## Material provided
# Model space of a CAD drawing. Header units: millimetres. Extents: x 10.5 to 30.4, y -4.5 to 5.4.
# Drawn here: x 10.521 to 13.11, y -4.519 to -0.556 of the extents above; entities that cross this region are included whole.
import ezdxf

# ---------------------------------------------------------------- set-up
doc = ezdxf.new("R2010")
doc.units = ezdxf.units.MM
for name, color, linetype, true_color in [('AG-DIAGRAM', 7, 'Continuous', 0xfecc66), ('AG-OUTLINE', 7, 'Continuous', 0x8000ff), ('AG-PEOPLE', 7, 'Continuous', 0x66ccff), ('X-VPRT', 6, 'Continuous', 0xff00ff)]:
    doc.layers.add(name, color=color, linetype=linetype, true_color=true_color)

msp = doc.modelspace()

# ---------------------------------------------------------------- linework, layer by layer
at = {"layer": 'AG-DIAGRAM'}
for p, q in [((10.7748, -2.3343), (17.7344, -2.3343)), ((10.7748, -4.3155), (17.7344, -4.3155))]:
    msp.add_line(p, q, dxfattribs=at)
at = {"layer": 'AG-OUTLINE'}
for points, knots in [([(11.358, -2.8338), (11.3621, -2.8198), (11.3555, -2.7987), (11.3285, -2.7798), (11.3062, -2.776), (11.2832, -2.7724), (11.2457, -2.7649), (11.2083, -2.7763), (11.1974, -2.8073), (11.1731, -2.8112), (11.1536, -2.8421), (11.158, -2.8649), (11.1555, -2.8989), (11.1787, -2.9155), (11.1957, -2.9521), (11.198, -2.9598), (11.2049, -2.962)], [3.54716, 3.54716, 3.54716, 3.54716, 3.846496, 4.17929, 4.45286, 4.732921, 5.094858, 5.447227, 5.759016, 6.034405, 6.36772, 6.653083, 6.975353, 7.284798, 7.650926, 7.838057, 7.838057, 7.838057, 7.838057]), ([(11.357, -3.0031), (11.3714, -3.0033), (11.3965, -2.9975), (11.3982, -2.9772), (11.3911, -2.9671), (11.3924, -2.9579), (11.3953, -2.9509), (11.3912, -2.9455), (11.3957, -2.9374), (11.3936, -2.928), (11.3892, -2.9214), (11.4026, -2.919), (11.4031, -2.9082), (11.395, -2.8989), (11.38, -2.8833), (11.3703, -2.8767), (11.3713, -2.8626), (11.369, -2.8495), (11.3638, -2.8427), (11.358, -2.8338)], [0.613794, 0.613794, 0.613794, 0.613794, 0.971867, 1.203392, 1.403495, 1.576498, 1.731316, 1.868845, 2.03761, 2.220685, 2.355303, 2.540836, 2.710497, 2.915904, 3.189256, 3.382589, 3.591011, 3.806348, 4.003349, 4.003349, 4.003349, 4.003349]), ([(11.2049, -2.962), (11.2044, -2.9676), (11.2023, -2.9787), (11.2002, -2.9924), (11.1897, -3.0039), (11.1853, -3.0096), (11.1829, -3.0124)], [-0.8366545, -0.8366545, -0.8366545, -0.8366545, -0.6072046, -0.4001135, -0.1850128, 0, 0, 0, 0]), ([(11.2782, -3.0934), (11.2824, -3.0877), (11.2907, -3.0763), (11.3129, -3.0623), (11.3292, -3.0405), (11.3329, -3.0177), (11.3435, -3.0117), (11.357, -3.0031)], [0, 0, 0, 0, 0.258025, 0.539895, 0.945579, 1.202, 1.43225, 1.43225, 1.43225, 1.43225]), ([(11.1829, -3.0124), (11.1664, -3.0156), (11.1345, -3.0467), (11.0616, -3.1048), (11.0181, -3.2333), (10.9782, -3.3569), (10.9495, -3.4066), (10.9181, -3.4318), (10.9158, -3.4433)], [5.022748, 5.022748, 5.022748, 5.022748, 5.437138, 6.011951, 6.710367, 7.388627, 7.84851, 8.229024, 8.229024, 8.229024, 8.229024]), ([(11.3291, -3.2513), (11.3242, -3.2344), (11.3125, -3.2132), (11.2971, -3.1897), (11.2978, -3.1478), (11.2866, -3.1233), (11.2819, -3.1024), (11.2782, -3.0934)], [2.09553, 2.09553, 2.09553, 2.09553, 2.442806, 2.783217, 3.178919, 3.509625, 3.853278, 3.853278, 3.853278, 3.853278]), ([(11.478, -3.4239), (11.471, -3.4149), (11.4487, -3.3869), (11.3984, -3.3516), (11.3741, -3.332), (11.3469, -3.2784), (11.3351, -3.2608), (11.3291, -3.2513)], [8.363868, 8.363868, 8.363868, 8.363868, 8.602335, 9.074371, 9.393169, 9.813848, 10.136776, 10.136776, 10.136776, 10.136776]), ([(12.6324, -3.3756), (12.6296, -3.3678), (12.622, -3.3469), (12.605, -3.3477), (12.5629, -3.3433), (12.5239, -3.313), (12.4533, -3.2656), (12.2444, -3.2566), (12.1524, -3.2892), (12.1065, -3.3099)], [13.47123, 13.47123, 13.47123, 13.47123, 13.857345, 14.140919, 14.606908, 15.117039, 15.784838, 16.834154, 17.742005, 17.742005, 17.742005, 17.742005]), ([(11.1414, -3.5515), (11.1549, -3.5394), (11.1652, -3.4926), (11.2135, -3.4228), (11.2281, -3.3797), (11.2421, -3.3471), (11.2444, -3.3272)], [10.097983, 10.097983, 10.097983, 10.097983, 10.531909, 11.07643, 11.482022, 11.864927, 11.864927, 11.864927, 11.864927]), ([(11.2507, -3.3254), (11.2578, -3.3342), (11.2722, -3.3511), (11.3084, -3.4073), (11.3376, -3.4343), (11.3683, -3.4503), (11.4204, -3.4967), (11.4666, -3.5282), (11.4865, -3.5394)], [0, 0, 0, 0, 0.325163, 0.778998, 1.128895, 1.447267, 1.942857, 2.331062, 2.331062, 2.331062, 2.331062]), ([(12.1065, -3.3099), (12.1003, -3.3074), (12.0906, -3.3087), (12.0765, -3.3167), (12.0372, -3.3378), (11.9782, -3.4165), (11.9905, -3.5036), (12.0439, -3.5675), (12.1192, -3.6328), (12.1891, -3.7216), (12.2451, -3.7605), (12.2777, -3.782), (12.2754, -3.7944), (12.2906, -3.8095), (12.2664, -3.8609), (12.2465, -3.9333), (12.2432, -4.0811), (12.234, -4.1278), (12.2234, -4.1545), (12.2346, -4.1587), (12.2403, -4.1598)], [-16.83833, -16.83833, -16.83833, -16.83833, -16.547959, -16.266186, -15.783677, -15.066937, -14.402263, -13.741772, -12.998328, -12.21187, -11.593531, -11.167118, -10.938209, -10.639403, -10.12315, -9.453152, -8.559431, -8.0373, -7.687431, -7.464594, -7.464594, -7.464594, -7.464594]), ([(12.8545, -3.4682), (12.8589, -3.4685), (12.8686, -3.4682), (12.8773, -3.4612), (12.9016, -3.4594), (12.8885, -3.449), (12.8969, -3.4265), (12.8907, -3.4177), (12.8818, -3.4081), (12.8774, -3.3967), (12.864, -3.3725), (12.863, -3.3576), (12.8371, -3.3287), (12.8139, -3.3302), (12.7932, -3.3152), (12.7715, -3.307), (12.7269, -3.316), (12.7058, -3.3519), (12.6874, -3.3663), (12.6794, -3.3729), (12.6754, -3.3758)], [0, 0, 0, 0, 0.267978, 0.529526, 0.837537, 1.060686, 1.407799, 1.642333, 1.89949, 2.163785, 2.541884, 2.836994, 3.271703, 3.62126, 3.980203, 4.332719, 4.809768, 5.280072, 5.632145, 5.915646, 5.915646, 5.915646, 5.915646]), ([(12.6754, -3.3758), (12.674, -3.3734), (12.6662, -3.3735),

## Work instruction
The word to find is "OUTLINE". Copy every line of the data that holds it.

## Your response
for name, color, linetype, true_color in [('AG-DIAGRAM', 7, 'Continuous', 0xfecc66), ('AG-OUTLINE', 7, 'Continuous', 0x8000ff), ('AG-PEOPLE', 7, 'Continuous', 0x66ccff), ('X-VPRT', 6, 'Continuous', 0xff00ff)]:
at = {"layer": 'AG-OUTLINE'}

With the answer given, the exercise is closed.